_Available data_.

•••

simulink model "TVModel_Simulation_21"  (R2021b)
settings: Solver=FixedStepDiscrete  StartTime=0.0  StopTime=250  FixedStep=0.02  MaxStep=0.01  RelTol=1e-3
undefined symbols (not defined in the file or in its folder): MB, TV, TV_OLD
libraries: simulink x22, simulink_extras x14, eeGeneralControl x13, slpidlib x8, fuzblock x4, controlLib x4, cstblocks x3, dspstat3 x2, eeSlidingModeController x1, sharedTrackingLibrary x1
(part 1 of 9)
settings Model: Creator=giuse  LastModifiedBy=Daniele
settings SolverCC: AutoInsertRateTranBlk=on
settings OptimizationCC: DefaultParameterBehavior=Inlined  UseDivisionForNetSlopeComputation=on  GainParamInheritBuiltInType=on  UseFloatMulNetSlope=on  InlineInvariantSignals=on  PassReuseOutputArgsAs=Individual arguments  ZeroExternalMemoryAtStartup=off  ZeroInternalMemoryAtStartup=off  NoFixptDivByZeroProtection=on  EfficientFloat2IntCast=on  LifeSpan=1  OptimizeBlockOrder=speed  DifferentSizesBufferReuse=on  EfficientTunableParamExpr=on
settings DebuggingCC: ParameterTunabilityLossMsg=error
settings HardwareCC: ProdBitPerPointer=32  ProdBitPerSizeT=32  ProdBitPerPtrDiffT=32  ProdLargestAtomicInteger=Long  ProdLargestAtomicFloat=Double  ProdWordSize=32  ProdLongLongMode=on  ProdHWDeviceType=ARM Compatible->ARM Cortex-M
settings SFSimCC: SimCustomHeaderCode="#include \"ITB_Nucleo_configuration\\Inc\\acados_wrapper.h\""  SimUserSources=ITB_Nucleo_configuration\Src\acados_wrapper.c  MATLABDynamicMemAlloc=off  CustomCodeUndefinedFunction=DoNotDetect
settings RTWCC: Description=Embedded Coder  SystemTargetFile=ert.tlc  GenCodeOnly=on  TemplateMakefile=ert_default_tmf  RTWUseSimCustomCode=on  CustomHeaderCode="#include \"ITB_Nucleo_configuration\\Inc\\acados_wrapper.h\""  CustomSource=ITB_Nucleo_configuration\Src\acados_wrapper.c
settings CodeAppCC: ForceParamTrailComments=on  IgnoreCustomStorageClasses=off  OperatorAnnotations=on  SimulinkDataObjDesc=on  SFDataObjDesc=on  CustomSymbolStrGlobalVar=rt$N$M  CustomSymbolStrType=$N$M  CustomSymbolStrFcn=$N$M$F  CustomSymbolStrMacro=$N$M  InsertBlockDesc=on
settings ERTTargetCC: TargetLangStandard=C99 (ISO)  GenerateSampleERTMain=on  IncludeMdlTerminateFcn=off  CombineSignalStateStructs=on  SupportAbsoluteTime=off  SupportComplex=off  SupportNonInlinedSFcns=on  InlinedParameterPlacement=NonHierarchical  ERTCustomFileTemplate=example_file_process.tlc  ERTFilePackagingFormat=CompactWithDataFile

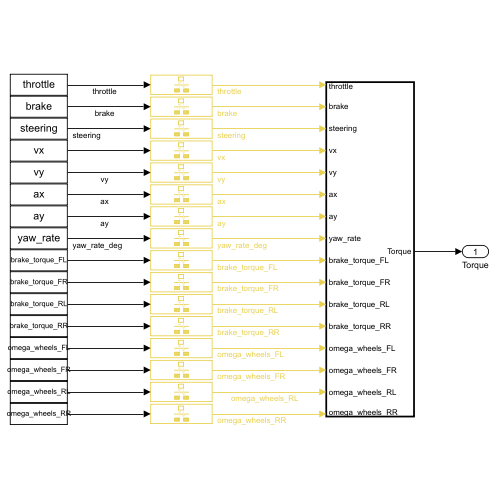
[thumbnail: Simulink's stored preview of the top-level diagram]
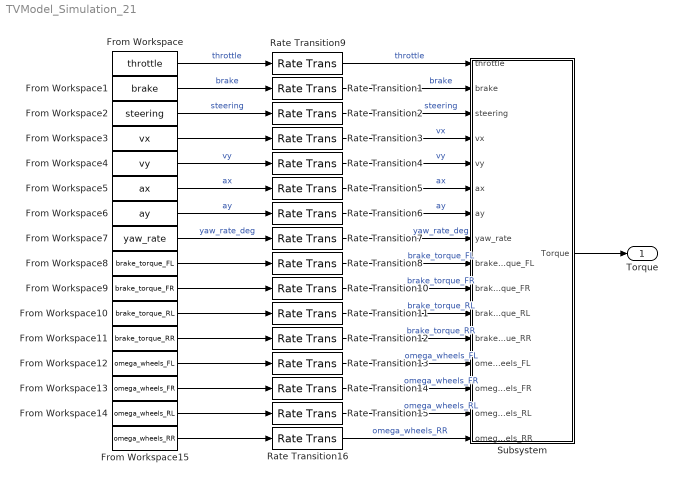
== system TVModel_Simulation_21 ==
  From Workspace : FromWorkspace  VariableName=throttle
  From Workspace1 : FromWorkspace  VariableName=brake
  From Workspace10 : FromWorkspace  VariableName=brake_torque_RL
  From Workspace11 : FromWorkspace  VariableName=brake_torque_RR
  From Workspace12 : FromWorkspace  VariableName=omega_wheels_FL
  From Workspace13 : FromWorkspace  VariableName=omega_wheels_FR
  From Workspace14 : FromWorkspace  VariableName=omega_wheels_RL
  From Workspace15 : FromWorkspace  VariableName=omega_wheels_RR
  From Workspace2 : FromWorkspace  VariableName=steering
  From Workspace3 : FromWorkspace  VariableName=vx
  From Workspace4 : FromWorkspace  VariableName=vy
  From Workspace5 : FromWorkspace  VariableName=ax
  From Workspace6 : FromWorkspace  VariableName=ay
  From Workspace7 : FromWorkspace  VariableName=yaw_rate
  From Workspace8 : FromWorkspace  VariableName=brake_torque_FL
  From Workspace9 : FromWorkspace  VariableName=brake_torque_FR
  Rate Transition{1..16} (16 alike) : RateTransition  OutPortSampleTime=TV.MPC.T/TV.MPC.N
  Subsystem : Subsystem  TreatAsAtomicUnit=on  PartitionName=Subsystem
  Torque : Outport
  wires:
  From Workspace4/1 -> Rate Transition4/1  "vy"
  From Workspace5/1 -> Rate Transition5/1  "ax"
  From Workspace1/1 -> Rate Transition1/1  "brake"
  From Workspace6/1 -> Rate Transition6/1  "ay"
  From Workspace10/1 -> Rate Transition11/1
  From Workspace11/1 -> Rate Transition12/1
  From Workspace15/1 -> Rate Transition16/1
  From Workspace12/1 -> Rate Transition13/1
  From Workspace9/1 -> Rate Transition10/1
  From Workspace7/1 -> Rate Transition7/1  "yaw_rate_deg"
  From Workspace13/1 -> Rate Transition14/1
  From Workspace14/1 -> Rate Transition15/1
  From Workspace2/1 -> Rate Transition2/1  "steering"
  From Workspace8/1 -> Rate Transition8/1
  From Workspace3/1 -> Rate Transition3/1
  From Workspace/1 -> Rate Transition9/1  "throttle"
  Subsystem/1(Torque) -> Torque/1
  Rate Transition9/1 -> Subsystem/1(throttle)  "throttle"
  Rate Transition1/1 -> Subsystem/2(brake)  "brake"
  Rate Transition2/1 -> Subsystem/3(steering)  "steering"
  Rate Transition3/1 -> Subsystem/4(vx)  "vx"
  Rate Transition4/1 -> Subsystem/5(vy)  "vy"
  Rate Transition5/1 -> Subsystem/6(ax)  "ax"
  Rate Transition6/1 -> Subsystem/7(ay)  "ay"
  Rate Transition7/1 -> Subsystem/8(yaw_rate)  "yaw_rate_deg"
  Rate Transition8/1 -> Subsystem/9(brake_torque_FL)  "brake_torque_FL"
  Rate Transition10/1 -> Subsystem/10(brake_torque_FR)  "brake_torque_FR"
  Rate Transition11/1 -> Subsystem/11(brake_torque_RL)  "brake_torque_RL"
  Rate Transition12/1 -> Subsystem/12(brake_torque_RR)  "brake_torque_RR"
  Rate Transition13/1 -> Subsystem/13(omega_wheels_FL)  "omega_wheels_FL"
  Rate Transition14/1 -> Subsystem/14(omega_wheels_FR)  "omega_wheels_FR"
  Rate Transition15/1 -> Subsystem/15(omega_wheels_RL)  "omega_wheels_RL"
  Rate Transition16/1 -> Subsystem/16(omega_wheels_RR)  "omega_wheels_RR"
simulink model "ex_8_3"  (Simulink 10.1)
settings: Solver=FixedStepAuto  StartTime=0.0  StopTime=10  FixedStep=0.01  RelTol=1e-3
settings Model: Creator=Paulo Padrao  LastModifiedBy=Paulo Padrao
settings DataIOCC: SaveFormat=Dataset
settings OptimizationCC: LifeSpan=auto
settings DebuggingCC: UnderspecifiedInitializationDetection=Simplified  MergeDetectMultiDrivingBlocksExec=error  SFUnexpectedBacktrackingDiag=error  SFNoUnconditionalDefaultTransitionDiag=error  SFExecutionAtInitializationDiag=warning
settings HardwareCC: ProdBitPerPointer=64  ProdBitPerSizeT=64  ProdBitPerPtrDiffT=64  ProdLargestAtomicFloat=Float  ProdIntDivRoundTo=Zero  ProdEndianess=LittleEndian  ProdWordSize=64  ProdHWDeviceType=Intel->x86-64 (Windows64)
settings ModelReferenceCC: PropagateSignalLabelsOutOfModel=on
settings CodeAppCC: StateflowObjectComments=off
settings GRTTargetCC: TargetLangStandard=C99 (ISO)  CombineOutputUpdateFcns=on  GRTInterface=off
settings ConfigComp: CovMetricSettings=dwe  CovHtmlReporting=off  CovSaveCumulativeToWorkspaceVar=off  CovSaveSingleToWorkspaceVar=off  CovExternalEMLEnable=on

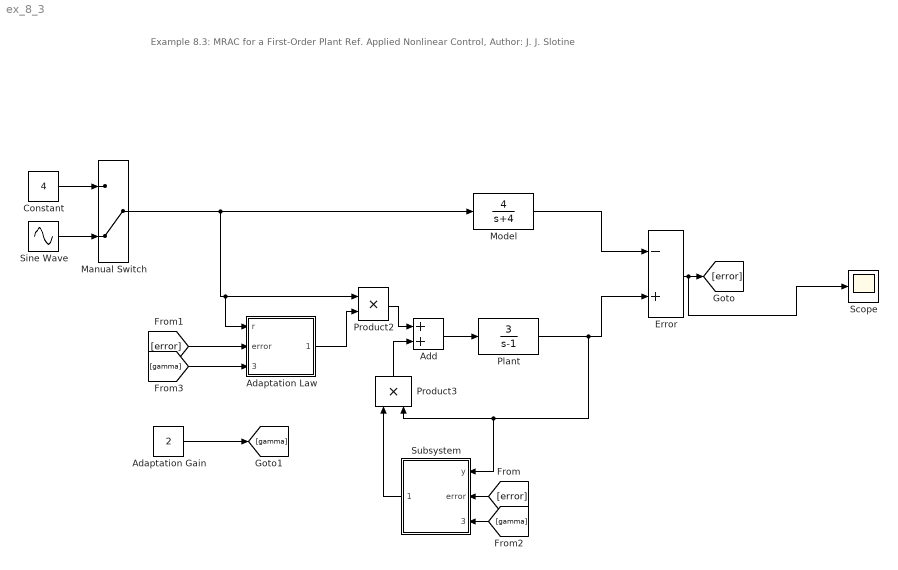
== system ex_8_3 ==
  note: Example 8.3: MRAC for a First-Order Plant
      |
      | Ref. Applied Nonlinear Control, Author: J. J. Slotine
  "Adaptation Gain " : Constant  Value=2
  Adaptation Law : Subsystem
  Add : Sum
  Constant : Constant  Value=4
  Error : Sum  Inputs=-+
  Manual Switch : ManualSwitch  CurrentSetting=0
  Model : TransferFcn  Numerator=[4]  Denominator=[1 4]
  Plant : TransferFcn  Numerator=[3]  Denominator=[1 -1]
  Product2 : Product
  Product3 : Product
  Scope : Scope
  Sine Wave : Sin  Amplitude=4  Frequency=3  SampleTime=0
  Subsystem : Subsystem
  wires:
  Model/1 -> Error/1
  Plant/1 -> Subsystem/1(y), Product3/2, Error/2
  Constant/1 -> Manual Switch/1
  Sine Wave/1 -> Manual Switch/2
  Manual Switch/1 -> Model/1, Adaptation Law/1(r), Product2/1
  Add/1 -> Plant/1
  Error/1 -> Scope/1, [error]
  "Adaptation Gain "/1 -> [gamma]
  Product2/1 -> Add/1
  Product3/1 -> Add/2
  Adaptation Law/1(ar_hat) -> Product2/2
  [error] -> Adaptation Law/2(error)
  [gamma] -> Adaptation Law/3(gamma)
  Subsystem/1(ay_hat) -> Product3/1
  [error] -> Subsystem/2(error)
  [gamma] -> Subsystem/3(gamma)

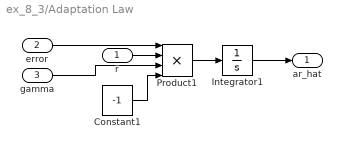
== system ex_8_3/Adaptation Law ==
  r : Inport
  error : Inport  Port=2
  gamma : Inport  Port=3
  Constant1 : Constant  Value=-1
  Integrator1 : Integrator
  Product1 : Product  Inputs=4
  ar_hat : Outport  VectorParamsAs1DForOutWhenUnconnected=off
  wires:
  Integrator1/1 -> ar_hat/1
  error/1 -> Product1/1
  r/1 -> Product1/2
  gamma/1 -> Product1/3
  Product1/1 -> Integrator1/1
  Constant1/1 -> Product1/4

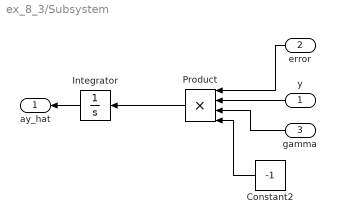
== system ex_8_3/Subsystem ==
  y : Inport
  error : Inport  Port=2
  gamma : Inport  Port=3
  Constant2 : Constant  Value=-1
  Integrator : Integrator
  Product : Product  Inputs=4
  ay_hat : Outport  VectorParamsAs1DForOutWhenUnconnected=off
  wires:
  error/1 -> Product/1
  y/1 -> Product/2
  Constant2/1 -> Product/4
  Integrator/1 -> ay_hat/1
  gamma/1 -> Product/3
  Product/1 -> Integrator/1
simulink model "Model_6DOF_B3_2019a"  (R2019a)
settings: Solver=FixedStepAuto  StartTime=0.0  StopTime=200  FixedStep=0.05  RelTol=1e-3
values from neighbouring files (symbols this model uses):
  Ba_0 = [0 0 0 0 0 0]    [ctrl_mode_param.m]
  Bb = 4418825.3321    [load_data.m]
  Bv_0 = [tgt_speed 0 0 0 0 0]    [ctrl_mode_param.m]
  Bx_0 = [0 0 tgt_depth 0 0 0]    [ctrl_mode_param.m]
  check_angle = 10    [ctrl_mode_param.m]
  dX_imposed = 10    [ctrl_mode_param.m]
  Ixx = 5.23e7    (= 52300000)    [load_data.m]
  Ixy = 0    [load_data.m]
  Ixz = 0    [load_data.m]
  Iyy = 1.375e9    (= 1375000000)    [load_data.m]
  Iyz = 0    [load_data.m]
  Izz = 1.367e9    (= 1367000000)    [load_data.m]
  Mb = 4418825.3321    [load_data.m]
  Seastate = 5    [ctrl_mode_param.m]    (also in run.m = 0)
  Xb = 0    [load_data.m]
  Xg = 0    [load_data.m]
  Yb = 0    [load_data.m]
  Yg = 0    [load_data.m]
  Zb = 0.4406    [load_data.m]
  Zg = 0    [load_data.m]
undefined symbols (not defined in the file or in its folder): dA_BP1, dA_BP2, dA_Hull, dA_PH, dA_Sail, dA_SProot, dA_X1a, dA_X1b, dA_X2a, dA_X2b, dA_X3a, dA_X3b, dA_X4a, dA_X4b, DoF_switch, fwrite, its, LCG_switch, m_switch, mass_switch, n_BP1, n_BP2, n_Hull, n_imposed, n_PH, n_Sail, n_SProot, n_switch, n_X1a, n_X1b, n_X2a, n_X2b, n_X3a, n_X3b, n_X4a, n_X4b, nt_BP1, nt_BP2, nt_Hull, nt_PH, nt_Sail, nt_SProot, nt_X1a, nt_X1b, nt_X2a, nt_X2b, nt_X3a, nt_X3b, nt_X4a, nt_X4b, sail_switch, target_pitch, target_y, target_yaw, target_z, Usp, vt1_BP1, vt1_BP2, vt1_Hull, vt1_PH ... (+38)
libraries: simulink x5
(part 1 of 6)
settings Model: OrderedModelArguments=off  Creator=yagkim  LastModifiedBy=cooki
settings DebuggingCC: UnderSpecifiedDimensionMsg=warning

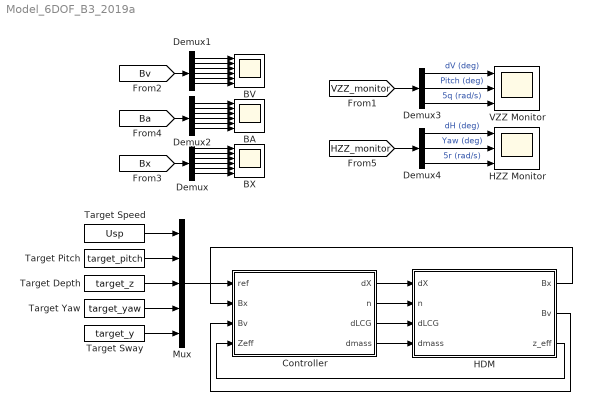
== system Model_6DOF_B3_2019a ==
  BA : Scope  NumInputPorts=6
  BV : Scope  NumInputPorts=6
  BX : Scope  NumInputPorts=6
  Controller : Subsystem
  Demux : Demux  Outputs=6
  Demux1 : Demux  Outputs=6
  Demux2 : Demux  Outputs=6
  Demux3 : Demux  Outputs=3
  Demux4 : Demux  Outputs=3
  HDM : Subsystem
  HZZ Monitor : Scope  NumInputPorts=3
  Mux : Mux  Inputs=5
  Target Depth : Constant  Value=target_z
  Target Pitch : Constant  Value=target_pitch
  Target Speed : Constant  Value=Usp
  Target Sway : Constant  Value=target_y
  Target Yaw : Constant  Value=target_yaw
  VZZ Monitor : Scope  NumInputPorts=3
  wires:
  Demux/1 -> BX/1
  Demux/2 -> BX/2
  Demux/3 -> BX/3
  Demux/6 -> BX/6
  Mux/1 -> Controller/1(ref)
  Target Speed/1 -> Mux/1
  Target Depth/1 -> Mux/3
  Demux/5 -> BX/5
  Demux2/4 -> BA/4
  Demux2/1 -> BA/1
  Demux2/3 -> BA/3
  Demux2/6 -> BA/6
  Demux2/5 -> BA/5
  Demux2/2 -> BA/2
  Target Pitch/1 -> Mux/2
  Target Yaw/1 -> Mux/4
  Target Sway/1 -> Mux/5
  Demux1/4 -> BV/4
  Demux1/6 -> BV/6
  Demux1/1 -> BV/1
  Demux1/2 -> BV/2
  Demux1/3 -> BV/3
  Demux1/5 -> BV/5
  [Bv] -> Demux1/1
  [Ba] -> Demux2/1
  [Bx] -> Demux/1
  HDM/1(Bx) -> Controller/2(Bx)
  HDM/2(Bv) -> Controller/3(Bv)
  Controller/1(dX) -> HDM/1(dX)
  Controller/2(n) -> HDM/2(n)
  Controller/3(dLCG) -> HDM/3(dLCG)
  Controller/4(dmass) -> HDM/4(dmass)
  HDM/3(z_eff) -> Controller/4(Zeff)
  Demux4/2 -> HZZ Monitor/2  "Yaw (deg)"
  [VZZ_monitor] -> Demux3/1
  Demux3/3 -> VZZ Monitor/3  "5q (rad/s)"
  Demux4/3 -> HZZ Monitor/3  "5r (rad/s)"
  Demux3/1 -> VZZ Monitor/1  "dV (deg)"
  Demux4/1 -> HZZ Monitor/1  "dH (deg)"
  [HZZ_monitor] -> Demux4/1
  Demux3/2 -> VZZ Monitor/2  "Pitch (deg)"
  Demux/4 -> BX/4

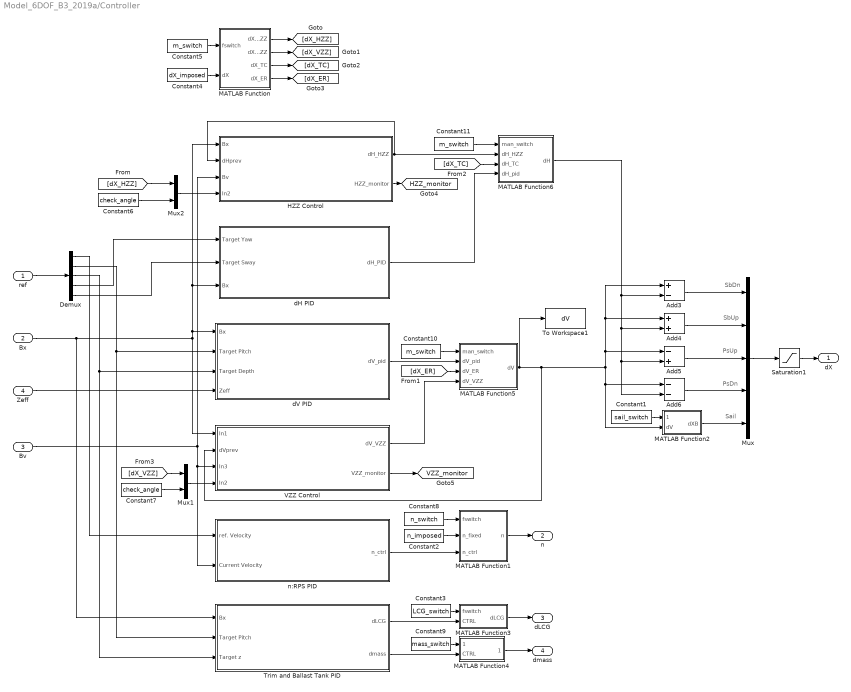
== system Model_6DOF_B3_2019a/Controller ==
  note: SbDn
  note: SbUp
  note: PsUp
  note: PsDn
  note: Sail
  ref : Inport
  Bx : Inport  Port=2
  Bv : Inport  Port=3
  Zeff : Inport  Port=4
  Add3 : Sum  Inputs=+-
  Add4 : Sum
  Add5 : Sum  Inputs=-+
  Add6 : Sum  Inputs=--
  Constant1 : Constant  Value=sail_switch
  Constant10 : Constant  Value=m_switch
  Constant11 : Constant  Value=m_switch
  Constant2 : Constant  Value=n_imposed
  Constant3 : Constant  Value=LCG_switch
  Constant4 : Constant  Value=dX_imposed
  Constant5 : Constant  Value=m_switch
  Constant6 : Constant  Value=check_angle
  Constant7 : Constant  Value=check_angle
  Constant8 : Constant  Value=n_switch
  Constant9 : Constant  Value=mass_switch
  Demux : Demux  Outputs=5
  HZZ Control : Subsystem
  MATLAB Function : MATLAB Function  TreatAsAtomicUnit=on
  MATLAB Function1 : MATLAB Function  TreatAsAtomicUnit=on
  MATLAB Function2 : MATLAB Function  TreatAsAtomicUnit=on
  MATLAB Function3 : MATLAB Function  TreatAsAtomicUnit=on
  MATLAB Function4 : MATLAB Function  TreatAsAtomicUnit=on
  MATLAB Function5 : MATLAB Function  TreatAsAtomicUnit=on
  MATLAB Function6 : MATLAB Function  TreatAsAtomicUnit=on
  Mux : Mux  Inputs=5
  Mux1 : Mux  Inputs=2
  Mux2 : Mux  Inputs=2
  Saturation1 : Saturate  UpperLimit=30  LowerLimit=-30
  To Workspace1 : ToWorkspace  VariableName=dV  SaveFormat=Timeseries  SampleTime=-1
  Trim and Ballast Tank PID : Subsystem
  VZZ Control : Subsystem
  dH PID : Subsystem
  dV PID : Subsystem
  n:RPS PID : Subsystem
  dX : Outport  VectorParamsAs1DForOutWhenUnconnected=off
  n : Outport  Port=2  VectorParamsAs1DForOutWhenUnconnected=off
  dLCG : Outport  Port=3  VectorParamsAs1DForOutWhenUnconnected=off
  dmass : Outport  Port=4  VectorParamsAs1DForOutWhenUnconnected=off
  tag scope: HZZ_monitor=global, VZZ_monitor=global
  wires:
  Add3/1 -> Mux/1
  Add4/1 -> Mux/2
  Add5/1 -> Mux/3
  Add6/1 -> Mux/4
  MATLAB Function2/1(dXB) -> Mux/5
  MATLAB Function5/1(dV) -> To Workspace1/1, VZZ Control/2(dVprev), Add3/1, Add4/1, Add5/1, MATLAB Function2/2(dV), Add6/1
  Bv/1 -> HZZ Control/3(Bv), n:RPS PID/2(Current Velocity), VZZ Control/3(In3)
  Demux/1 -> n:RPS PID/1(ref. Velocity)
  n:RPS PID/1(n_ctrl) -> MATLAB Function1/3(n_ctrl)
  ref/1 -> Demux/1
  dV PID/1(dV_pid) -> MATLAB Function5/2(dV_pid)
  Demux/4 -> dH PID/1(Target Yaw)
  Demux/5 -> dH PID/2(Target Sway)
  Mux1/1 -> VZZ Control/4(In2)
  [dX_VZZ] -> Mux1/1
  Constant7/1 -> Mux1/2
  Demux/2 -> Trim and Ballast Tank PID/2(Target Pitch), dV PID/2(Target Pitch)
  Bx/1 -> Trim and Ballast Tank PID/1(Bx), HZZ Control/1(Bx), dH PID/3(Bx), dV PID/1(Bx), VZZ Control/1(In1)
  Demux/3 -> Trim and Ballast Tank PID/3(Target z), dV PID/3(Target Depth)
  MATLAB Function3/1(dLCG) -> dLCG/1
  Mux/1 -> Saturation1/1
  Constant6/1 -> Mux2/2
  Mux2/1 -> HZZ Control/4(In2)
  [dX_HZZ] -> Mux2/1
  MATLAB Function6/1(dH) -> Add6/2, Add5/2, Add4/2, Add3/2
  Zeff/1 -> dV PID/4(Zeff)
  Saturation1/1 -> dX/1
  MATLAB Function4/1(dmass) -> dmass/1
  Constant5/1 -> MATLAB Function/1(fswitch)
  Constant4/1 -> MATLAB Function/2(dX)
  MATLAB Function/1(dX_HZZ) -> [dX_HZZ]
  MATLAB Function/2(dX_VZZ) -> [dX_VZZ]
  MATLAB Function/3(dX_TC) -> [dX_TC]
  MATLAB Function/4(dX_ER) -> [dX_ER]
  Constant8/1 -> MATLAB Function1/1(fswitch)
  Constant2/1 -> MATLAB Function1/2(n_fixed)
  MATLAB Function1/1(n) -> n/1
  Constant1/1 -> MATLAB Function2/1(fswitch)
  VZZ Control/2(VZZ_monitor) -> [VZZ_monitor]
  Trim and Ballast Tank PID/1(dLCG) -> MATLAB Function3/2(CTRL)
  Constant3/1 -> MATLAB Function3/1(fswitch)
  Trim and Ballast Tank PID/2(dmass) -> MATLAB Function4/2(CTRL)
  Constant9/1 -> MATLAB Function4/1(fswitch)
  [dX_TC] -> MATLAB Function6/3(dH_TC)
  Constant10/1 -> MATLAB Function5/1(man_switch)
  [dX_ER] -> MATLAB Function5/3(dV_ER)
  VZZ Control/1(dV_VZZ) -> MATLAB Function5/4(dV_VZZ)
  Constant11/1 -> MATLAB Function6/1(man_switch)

•••

_The task_.
From the first line of the data above through the line containing "libraries: simulink x22, simulink_extras", set each line down again exactly; include both ends and omit everything else.

_Reply_.
simulink model "TVModel_Simulation_21"  (R2021b)
settings: Solver=FixedStepDiscrete  StartTime=0.0  StopTime=250  FixedStep=0.02  MaxStep=0.01  RelTol=1e-3
undefined symbols (not defined in the file or in its folder): MB, TV, TV_OLD
libraries: simulink x22, simulink_extras x14, eeGeneralControl x13, slpidlib x8, fuzblock x4, controlLib x4, cstblocks x3, dspstat3 x2, eeSlidingModeController x1, sharedTrackingLibrary x1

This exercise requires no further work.